Aqisa was staring, wide-eyed, like she'd just remembered that Zaynab was a princess, and that Zaynab's father was notoriously vicious. "Don't worry," said Zaynab. She kept a small crate of supplies in their training room, having listened to more of Nahri's rants about how her work would be so much easier if the djinn had knowledge of basic wound care and a modicum of common sense, than she'd realized, and she went to it now. "It's just a scratch. And if even if it weren't, I know all the best times to go to the infirmary when my sister-in-law will be too distracted to ask questions." Zaynab unscrewed a tin of ointment and smoothed a line of it over the cut. It stung, and she let out a, "Fuck the moon!" without thinking.

"Why do so many of your curses involve the moon?" asked Aqisa. She was suddenly there, peering first at Zaynab's wound and then the medicine crate. "They're not traditional Gezirriya phrases."

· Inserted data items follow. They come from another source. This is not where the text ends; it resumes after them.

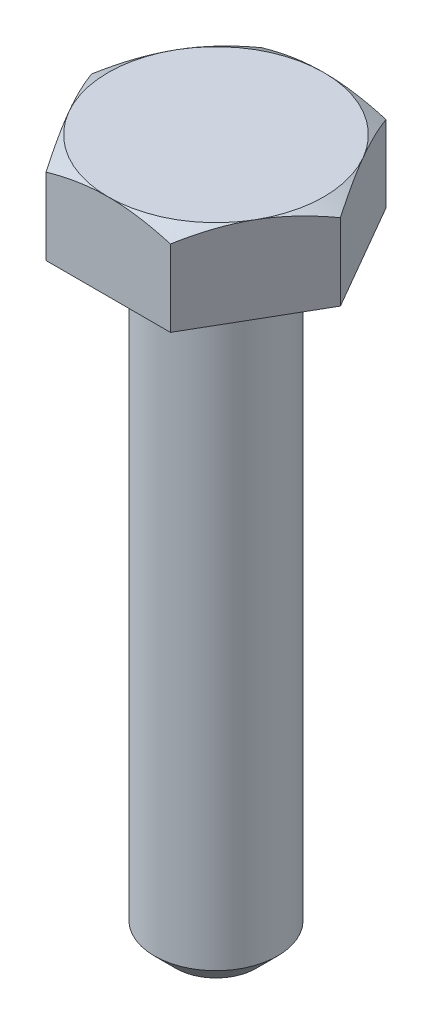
ISO-10303-21;
HEADER;
FILE_DESCRIPTION(('STEP AP214'),'2;1');
FILE_NAME('part.step','',(''),(''),'','','');
FILE_SCHEMA(('AUTOMOTIVE_DESIGN { 1 0 10303 214 1 1 1 1 }'));
ENDSEC;
DATA;
#1=APPLICATION_CONTEXT('core data for automotive mechanical design processes');
#2=APPLICATION_PROTOCOL_DEFINITION('international standard','automotive_design',2000,#1);
#3=PRODUCT_CONTEXT('',#1,'mechanical');
#4=PRODUCT('Part','Part','',(#3));
#5=PRODUCT_RELATED_PRODUCT_CATEGORY('part','',(#4));
#6=PRODUCT_DEFINITION_FORMATION('','',#4);
#7=PRODUCT_DEFINITION_CONTEXT('part definition',#1,'design');
#8=PRODUCT_DEFINITION('design','',#6,#7);
#9=PRODUCT_DEFINITION_SHAPE('','',#8);
#10=(LENGTH_UNIT() NAMED_UNIT(*) SI_UNIT(.MILLI.,.METRE.));
#11=(NAMED_UNIT(*) PLANE_ANGLE_UNIT() SI_UNIT($,.RADIAN.));
#12=(NAMED_UNIT(*) SI_UNIT($,.STERADIAN.) SOLID_ANGLE_UNIT());
#13=UNCERTAINTY_MEASURE_WITH_UNIT(LENGTH_MEASURE(1.E-05),#10,'distance_accuracy_value','');
#14=(GEOMETRIC_REPRESENTATION_CONTEXT(3) GLOBAL_UNCERTAINTY_ASSIGNED_CONTEXT((#13)) GLOBAL_UNIT_ASSIGNED_CONTEXT((#10,
#11,#12)) REPRESENTATION_CONTEXT('',''));
#15=CARTESIAN_POINT('',(0.,0.,0.));
#16=DIRECTION('',(0.,0.,1.));
#17=DIRECTION('',(1.,0.,0.));
#18=AXIS2_PLACEMENT_3D('',#15,#16,#17);
#19=CARTESIAN_POINT('',(0.,2.8,0.));
#20=DIRECTION('',(0.,-1.,0.));
#21=DIRECTION('',(1.,0.,0.));
#22=AXIS2_PLACEMENT_3D('',#19,#20,#21);
#23=PLANE('',#22);
#24=CARTESIAN_POINT('',(0.,2.79999999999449,0.));
#25=DIRECTION('',(0.,-1.,0.));
#26=DIRECTION('',(1.,0.,0.));
#27=AXIS2_PLACEMENT_3D('',#24,#25,#26);
#28=CIRCLE('',#27,3.50000000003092);
#29=CARTESIAN_POINT('',(3.03108891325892,2.80000000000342,1.75000000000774));
#30=VERTEX_POINT('',#29);
#31=CARTESIAN_POINT('',(0.,2.80000000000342,3.50000000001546));
#32=VERTEX_POINT('',#31);
#33=EDGE_CURVE('E89',#30,#32,#28,.T.);
#34=ORIENTED_EDGE('',*,*,#33,.F.);
#35=CARTESIAN_POINT('',(0.,2.79999999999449,0.));
#36=DIRECTION('',(0.,-1.,0.));
#37=DIRECTION('',(1.,0.,0.));
#38=AXIS2_PLACEMENT_3D('',#35,#36,#37);
#39=CIRCLE('',#38,3.50000000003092);
#40=CARTESIAN_POINT('',(3.03108891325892,2.80000000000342,-1.75000000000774));
#41=VERTEX_POINT('',#40);
#42=EDGE_CURVE('E87',#41,#30,#39,.T.);
#43=ORIENTED_EDGE('',*,*,#42,.F.);
#44=CARTESIAN_POINT('',(0.,2.79999999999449,0.));
#45=DIRECTION('',(0.,-1.,0.));
#46=DIRECTION('',(1.,0.,0.));
#47=AXIS2_PLACEMENT_3D('',#44,#45,#46);
#48=CIRCLE('',#47,3.50000000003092);
#49=CARTESIAN_POINT('',(0.,2.80000000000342,-3.50000000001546));
#50=VERTEX_POINT('',#49);
#51=EDGE_CURVE('E20',#50,#41,#48,.T.);
#52=ORIENTED_EDGE('',*,*,#51,.F.);
#53=CARTESIAN_POINT('',(0.,2.79999999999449,0.));
#54=DIRECTION('',(0.,-1.,0.));
#55=DIRECTION('',(1.,0.,0.));
#56=AXIS2_PLACEMENT_3D('',#53,#54,#55);
#57=CIRCLE('',#56,3.50000000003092);
#58=CARTESIAN_POINT('',(-3.03108891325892,2.80000000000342,-1.75000000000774));
#59=VERTEX_POINT('',#58);
#60=EDGE_CURVE('E104',#59,#50,#57,.T.);
#61=ORIENTED_EDGE('',*,*,#60,.F.);
#62=CARTESIAN_POINT('',(0.,2.79999999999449,0.));
#63=DIRECTION('',(0.,-1.,0.));
#64=DIRECTION('',(1.,0.,0.));
#65=AXIS2_PLACEMENT_3D('',#62,#63,#64);
#66=CIRCLE('',#65,3.50000000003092);
#67=CARTESIAN_POINT('',(-3.03108891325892,2.80000000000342,1.75000000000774));
#68=VERTEX_POINT('',#67);
#69=EDGE_CURVE('E323',#68,#59,#66,.T.);
#70=ORIENTED_EDGE('',*,*,#69,.F.);
#71=CARTESIAN_POINT('',(0.,2.79999999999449,0.));
#72=DIRECTION('',(0.,-1.,0.));
#73=DIRECTION('',(1.,0.,0.));
#74=AXIS2_PLACEMENT_3D('',#71,#72,#73);
#75=CIRCLE('',#74,3.50000000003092);
#76=EDGE_CURVE('E93',#32,#68,#75,.T.);
#77=ORIENTED_EDGE('',*,*,#76,.F.);
#78=EDGE_LOOP('',(#34,#43,#52,#61,#70,#77));
#79=FACE_BOUND('',#78,.T.);
#80=ADVANCED_FACE('F16',(#79),#23,.F.);
#81=CARTESIAN_POINT('',(0.,2.48551696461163,0.));
#82=DIRECTION('',(0.,-1.,0.));
#83=DIRECTION('',(1.,0.,0.));
#84=AXIS2_PLACEMENT_3D('',#81,#82,#83);
#85=CONICAL_SURFACE('',#84,4.04470059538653,1.04719755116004);
#86=ORIENTED_EDGE('',*,*,#51,.T.);
#87=CARTESIAN_POINT('',(2.02072594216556,2.4873926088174,-3.49999999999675));
#88=CARTESIAN_POINT('',(2.10296905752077,2.53488760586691,-3.35755074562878));
#89=CARTESIAN_POINT('',(2.18587080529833,2.5784013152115,-3.21396070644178));
#90=CARTESIAN_POINT('',(2.3524050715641,2.65513695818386,-2.92551489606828));
#91=CARTESIAN_POINT('',(2.43603178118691,2.68840978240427,-2.78066918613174));
#92=CARTESIAN_POINT('',(2.56226107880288,2.72926316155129,-2.56203362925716));
#93=CARTESIAN_POINT('',(2.60449696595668,2.741376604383,-2.48887892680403));
#94=CARTESIAN_POINT('',(2.68917094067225,2.762345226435,-2.34221930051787));
#95=CARTESIAN_POINT('',(2.7316090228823,2.771200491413,-2.26871438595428));
#96=CARTESIAN_POINT('',(2.81684436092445,2.78549717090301,-2.12108244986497));
#97=CARTESIAN_POINT('',(2.85964235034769,2.79092122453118,-2.04695415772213));
#98=CARTESIAN_POINT('',(2.94532249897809,2.79818014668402,-1.89855178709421));
#99=CARTESIAN_POINT('',(2.98820467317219,2.80001430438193,-1.82427768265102));
#100=CARTESIAN_POINT('',(3.03108891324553,2.80000000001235,-1.75000000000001));
#101=B_SPLINE_CURVE_WITH_KNOTS('',3,(#87,#88,#89,#90,#91,#92,#93,#94,#95,#96,#97,#98,#99,#100),
.UNSPECIFIED.,.F.,.F.,(4,2,2,2,2,2,4),(0.,0.513825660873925,1.02505510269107,1.28100524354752,
1.53694864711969,1.7941769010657,2.05145608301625),.UNSPECIFIED.);
#102=CARTESIAN_POINT('',(2.02072594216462,2.48739260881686,-3.49999999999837));
#103=VERTEX_POINT('',#102);
#104=EDGE_CURVE('E99',#103,#41,#101,.T.);
#105=ORIENTED_EDGE('',*,*,#104,.F.);
#106=CARTESIAN_POINT('',(0.,2.80000000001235,-3.49999999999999));
#107=CARTESIAN_POINT('',(0.0857684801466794,2.80001430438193,-3.49999999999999));
#108=CARTESIAN_POINT('',(0.171532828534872,2.79818014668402,-3.49999999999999));
#109=CARTESIAN_POINT('',(0.342893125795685,2.79092122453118,-3.49999999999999));
#110=CARTESIAN_POINT('',(0.428489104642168,2.78549717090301,-3.49999999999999));
#111=CARTESIAN_POINT('',(0.598959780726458,2.77120049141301,-3.49999999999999));
#112=CARTESIAN_POINT('',(0.683835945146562,2.76234522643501,-3.49999999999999));
#113=CARTESIAN_POINT('',(0.853183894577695,2.74137660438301,-3.49999999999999));
#114=CARTESIAN_POINT('',(0.937655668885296,2.7292631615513,-3.49999999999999));
#115=CARTESIAN_POINT('',(1.19011426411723,2.68840978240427,-3.49999999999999));
#116=CARTESIAN_POINT('',(1.35736768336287,2.65513695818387,-3.49999999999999));
#117=CARTESIAN_POINT('',(1.69043621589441,2.5784013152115,-3.49999999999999));
#118=CARTESIAN_POINT('',(1.85623971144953,2.53488760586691,-3.49999999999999));
#119=CARTESIAN_POINT('',(2.02072594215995,2.4873926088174,-3.49999999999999));
#120=B_SPLINE_CURVE_WITH_KNOTS('',3,(#106,#107,#108,#109,#110,#111,#112,#113,#114,#115,#116,
#117,#118,#119),.UNSPECIFIED.,.F.,.F.,(4,2,2,2,2,2,4),(0.,0.257279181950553,0.514507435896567,
0.770450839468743,1.02640098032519,1.53763042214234,2.05145608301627),.UNSPECIFIED.);
#121=EDGE_CURVE('E102',#50,#103,#120,.T.);
#122=ORIENTED_EDGE('',*,*,#121,.F.);
#123=EDGE_LOOP('',(#86,#105,#122));
#124=FACE_BOUND('',#123,.T.);
#125=ADVANCED_FACE('F97',(#124),#85,.T.);
#126=CARTESIAN_POINT('',(0.,2.48551696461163,0.));
#127=DIRECTION('',(0.,-1.,0.));
#128=DIRECTION('',(1.,0.,0.));
#129=AXIS2_PLACEMENT_3D('',#126,#127,#128);
#130=CONICAL_SURFACE('',#129,4.04470059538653,1.04719755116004);
#131=ORIENTED_EDGE('',*,*,#60,.T.);
#132=CARTESIAN_POINT('',(-2.02072594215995,2.4873926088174,-3.49999999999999));
#133=CARTESIAN_POINT('',(-1.85623971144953,2.53488760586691,-3.49999999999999));
#134=CARTESIAN_POINT('',(-1.69043621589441,2.5784013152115,-3.49999999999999));
#135=CARTESIAN_POINT('',(-1.35736768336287,2.65513695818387,-3.49999999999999));
#136=CARTESIAN_POINT('',(-1.19011426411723,2.68840978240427,-3.49999999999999));
#137=CARTESIAN_POINT('',(-0.937655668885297,2.7292631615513,-3.49999999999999));
#138=CARTESIAN_POINT('',(-0.853183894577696,2.74137660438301,-3.49999999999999));
#139=CARTESIAN_POINT('',(-0.683835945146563,2.76234522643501,-3.49999999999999));
#140=CARTESIAN_POINT('',(-0.598959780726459,2.77120049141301,-3.49999999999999));
#141=CARTESIAN_POINT('',(-0.428489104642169,2.78549717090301,-3.49999999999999));
#142=CARTESIAN_POINT('',(-0.342893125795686,2.79092122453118,-3.49999999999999));
#143=CARTESIAN_POINT('',(-0.171532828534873,2.79818014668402,-3.49999999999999));
#144=CARTESIAN_POINT('',(-0.0857684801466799,2.80001430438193,-3.49999999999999));
#145=CARTESIAN_POINT('',(0.,2.80000000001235,-3.49999999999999));
#146=B_SPLINE_CURVE_WITH_KNOTS('',3,(#132,#133,#134,#135,#136,#137,#138,#139,#140,#141,#142,
#143,#144,#145),.UNSPECIFIED.,.F.,.F.,(4,2,2,2,2,2,4),(0.,0.513825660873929,1.02505510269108,
1.28100524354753,1.53694864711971,1.79417690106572,2.05145608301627),.UNSPECIFIED.);
#147=CARTESIAN_POINT('',(-2.02072594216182,2.48739260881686,-3.49999999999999));
#148=VERTEX_POINT('',#147);
#149=EDGE_CURVE('E113',#148,#50,#146,.T.);
#150=ORIENTED_EDGE('',*,*,#149,.F.);
#151=CARTESIAN_POINT('',(-3.03108891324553,2.80000000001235,-1.75000000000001));
#152=CARTESIAN_POINT('',(-2.98820467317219,2.80001430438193,-1.82427768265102));
#153=CARTESIAN_POINT('',(-2.94532249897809,2.79818014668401,-1.89855178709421));
#154=CARTESIAN_POINT('',(-2.85964235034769,2.79092122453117,-2.04695415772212));
#155=CARTESIAN_POINT('',(-2.81684436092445,2.78549717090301,-2.12108244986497));
#156=CARTESIAN_POINT('',(-2.7316090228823,2.771200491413,-2.26871438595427));
#157=CARTESIAN_POINT('',(-2.68917094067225,2.762345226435,-2.34221930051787));
#158=CARTESIAN_POINT('',(-2.60449696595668,2.741376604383,-2.48887892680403));
#159=CARTESIAN_POINT('',(-2.56226107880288,2.72926316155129,-2.56203362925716));
#160=CARTESIAN_POINT('',(-2.43603178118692,2.68840978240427,-2.78066918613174));
#161=CARTESIAN_POINT('',(-2.3524050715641,2.65513695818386,-2.92551489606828));
#162=CARTESIAN_POINT('',(-2.18587080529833,2.5784013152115,-3.21396070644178));
#163=CARTESIAN_POINT('',(-2.10296905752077,2.53488760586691,-3.35755074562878));
#164=CARTESIAN_POINT('',(-2.02072594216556,2.4873926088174,-3.49999999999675));
#165=B_SPLINE_CURVE_WITH_KNOTS('',3,(#151,#152,#153,#154,#155,#156,#157,#158,#159,#160,#161,
#162,#163,#164),.UNSPECIFIED.,.F.,.F.,(4,2,2,2,2,2,4),(0.,0.257279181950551,0.514507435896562,
0.770450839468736,1.02640098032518,1.53763042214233,2.05145608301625),.UNSPECIFIED.);
#166=EDGE_CURVE('E169',#59,#148,#165,.T.);
#167=ORIENTED_EDGE('',*,*,#166,.F.);
#168=EDGE_LOOP('',(#131,#150,#167));
#169=FACE_BOUND('',#168,.T.);
#170=ADVANCED_FACE('F137',(#169),#130,.T.);
#171=CARTESIAN_POINT('',(0.,2.48551696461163,0.));
#172=DIRECTION('',(0.,-1.,0.));
#173=DIRECTION('',(1.,0.,0.));
#174=AXIS2_PLACEMENT_3D('',#171,#172,#173);
#175=CONICAL_SURFACE('',#174,4.04470059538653,1.04719755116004);
#176=ORIENTED_EDGE('',*,*,#69,.T.);
#177=CARTESIAN_POINT('',(-4.04145188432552,2.48739260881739,-3.24094856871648E-12));
#178=CARTESIAN_POINT('',(-3.95920876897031,2.5348876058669,-0.142449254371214));
#179=CARTESIAN_POINT('',(-3.87630702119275,2.57840131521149,-0.286039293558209));
#180=CARTESIAN_POINT('',(-3.70977275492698,2.65513695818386,-0.574485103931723));
#181=CARTESIAN_POINT('',(-3.62614604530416,2.68840978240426,-0.719330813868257));
#182=CARTESIAN_POINT('',(-3.49991674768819,2.72926316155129,-0.937966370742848));
#183=CARTESIAN_POINT('',(-3.45768086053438,2.741376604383,-1.01112107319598));
#184=CARTESIAN_POINT('',(-3.37300688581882,2.762345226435,-1.15778069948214));
#185=CARTESIAN_POINT('',(-3.33056880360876,2.771200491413,-1.23128561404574));
#186=CARTESIAN_POINT('',(-3.24533346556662,2.78549717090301,-1.37891755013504));
#187=CARTESIAN_POINT('',(-3.20253547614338,2.79092122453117,-1.45304584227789));
#188=CARTESIAN_POINT('',(-3.11685532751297,2.79818014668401,-1.60144821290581));
#189=CARTESIAN_POINT('',(-3.07397315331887,2.80001430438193,-1.675722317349));
#190=CARTESIAN_POINT('',(-3.03108891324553,2.80000000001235,-1.75000000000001));
#191=B_SPLINE_CURVE_WITH_KNOTS('',3,(#177,#178,#179,#180,#181,#182,#183,#184,#185,#186,#187,
#188,#189,#190),.UNSPECIFIED.,.F.,.F.,(4,2,2,2,2,2,4),(0.,0.513825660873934,1.02505510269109,
1.28100524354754,1.53694864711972,1.79417690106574,2.05145608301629),.UNSPECIFIED.);
#192=CARTESIAN_POINT('',(-4.04145188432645,2.48739260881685,-1.62018098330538E-12));
#193=VERTEX_POINT('',#192);
#194=EDGE_CURVE('E146',#193,#59,#191,.T.);
#195=ORIENTED_EDGE('',*,*,#194,.F.);
#196=CARTESIAN_POINT('',(-3.03108891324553,2.80000000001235,1.75000000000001));
#197=CARTESIAN_POINT('',(-3.07397315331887,2.80001430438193,1.675722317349));
#198=CARTESIAN_POINT('',(-3.11685532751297,2.79818014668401,1.60144821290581));
#199=CARTESIAN_POINT('',(-3.20253547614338,2.79092122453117,1.45304584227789));
#200=CARTESIAN_POINT('',(-3.24533346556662,2.78549717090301,1.37891755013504));
#201=CARTESIAN_POINT('',(-3.33056880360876,2.771200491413,1.23128561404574));
#202=CARTESIAN_POINT('',(-3.37300688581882,2.762345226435,1.15778069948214));
#203=CARTESIAN_POINT('',(-3.45768086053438,2.741376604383,1.01112107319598));
#204=CARTESIAN_POINT('',(-3.49991674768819,2.72926316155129,0.937966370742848));
#205=CARTESIAN_POINT('',(-3.62614604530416,2.68840978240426,0.719330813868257));
#206=CARTESIAN_POINT('',(-3.70977275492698,2.65513695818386,0.574485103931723));
#207=CARTESIAN_POINT('',(-3.87630702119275,2.57840131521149,0.286039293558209));
#208=CARTESIAN_POINT('',(-3.95920876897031,2.5348876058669,0.142449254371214));
#209=CARTESIAN_POINT('',(-4.04145188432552,2.48739260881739,3.2412585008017E-12));
#210=B_SPLINE_CURVE_WITH_KNOTS('',3,(#196,#197,#198,#199,#200,#201,#202,#203,#204,#205,#206,
#207,#208,#209),.UNSPECIFIED.,.F.,.F.,(4,2,2,2,2,2,4),(0.,0.257279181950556,0.514507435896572,
0.77045083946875,1.0264009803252,1.53763042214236,2.05145608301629),.UNSPECIFIED.);
#211=EDGE_CURVE('E183',#68,#193,#210,.T.);
#212=ORIENTED_EDGE('',*,*,#211,.F.);
#213=EDGE_LOOP('',(#176,#195,#212));
#214=FACE_BOUND('',#213,.T.);
#215=ADVANCED_FACE('F191',(#214),#175,.T.);
#216=CARTESIAN_POINT('',(0.,2.48551696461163,0.));
#217=DIRECTION('',(0.,-1.,0.));
#218=DIRECTION('',(1.,0.,0.));
#219=AXIS2_PLACEMENT_3D('',#216,#217,#218);
#220=CONICAL_SURFACE('',#219,4.04470059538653,1.04719755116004);
#221=ORIENTED_EDGE('',*,*,#76,.T.);
#222=CARTESIAN_POINT('',(-2.02072594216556,2.4873926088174,3.49999999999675));
#223=CARTESIAN_POINT('',(-2.10296905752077,2.53488760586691,3.35755074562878));
#224=CARTESIAN_POINT('',(-2.18587080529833,2.5784013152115,3.21396070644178));
#225=CARTESIAN_POINT('',(-2.3524050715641,2.65513695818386,2.92551489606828));
#226=CARTESIAN_POINT('',(-2.43603178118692,2.68840978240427,2.78066918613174));
#227=CARTESIAN_POINT('',(-2.56226107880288,2.72926316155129,2.56203362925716));
#228=CARTESIAN_POINT('',(-2.60449696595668,2.741376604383,2.48887892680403));
#229=CARTESIAN_POINT('',(-2.68917094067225,2.762345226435,2.34221930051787));
#230=CARTESIAN_POINT('',(-2.7316090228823,2.771200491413,2.26871438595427));
#231=CARTESIAN_POINT('',(-2.81684436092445,2.78549717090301,2.12108244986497));
#232=CARTESIAN_POINT('',(-2.85964235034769,2.79092122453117,2.04695415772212));
#233=CARTESIAN_POINT('',(-2.94532249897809,2.79818014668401,1.89855178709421));
#234=CARTESIAN_POINT('',(-2.98820467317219,2.80001430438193,1.82427768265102));
#235=CARTESIAN_POINT('',(-3.03108891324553,2.80000000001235,1.75000000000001));
#236=B_SPLINE_CURVE_WITH_KNOTS('',3,(#222,#223,#224,#225,#226,#227,#228,#229,#230,#231,#232,
#233,#234,#235),.UNSPECIFIED.,.F.,.F.,(4,2,2,2,2,2,4),(0.,0.513825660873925,1.02505510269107,
1.28100524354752,1.53694864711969,1.7941769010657,2.05145608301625),.UNSPECIFIED.);
#237=CARTESIAN_POINT('',(-2.02072594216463,2.48739260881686,3.49999999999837));
#238=VERTEX_POINT('',#237);
#239=EDGE_CURVE('E176',#238,#68,#236,.T.);
#240=ORIENTED_EDGE('',*,*,#239,.F.);
#241=CARTESIAN_POINT('',(0.,2.80000000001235,3.49999999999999));
#242=CARTESIAN_POINT('',(-0.0857684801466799,2.80001430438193,3.49999999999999));
#243=CARTESIAN_POINT('',(-0.171532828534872,2.79818014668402,3.49999999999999));
#244=CARTESIAN_POINT('',(-0.342893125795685,2.79092122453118,3.49999999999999));
#245=CARTESIAN_POINT('',(-0.428489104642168,2.78549717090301,3.49999999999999));
#246=CARTESIAN_POINT('',(-0.598959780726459,2.77120049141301,3.49999999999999));
#247=CARTESIAN_POINT('',(-0.683835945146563,2.76234522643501,3.49999999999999));
#248=CARTESIAN_POINT('',(-0.853183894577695,2.74137660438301,3.49999999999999));
#249=CARTESIAN_POINT('',(-0.937655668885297,2.7292631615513,3.49999999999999));
#250=CARTESIAN_POINT('',(-1.19011426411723,2.68840978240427,3.49999999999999));
#251=CARTESIAN_POINT('',(-1.35736768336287,2.65513695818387,3.49999999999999));
#252=CARTESIAN_POINT('',(-1.69043621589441,2.5784013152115,3.49999999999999));
#253=CARTESIAN_POINT('',(-1.85623971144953,2.53488760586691,3.49999999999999));
#254=CARTESIAN_POINT('',(-2.02072594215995,2.4873926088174,3.49999999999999));
#255=B_SPLINE_CURVE_WITH_KNOTS('',3,(#241,#242,#243,#244,#245,#246,#247,#248,#249,#250,#251,
#252,#253,#254),.UNSPECIFIED.,.F.,.F.,(4,2,2,2,2,2,4),(0.,0.257279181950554,0.514507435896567,
0.770450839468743,1.02640098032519,1.53763042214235,2.05145608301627),.UNSPECIFIED.);
#256=EDGE_CURVE('E198',#32,#238,#255,.T.);
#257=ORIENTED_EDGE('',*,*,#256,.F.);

Zaynab realized suddenly that in the deserts of Am Gezira, of course no one would curse the moon; they'd save all their rancor for the sun. She'd never really thought about it before, not even with Ali living there. She'd imagined Ali, and therefore his friends and his village, as one of those charming towns not far outside a trading port, the sort of places where her cousins went on picnics and raced falcons and danced with each other. "Well," she said, "there's a well-known Divasti poet who's written an entire cycle about his true love being turned into the moon."

"Sounds rough," said Aqisa, doubling a cloth over Zaynab's wound, and starting to unroll a long strip of linen to tie it in place. 

"So," said Zaynab, knowing she was babbling and that she couldn't stop herself, "it's a popular subject for parodies. There's one in which the poet's lover left him for the moon, to get as far away from him as she possibly could because he's such a bad lover he doesn't even know it. There's another where the poet is clearly talking about his paramour's monthlies. And then there's another one where the poet wants to, you know. Fuck the moon."

Aqisa finished tying the bandage around Zaynab's collarbone. "How reassuring that you Daevabadis are addressing the great philosophical questions of our time."

"You asked."

Aqisa snorted. "That I did, but I'm not entirely sure how one would fuck the moon."

Zaynab shrugged. "There's over a hundred verses. I assume he found a way in at least one of them."

"In Am Gezira," said Aqisa, "the moon is cherished, because it isn't the sun. If we had time for poetry, it would be: fuck the sun."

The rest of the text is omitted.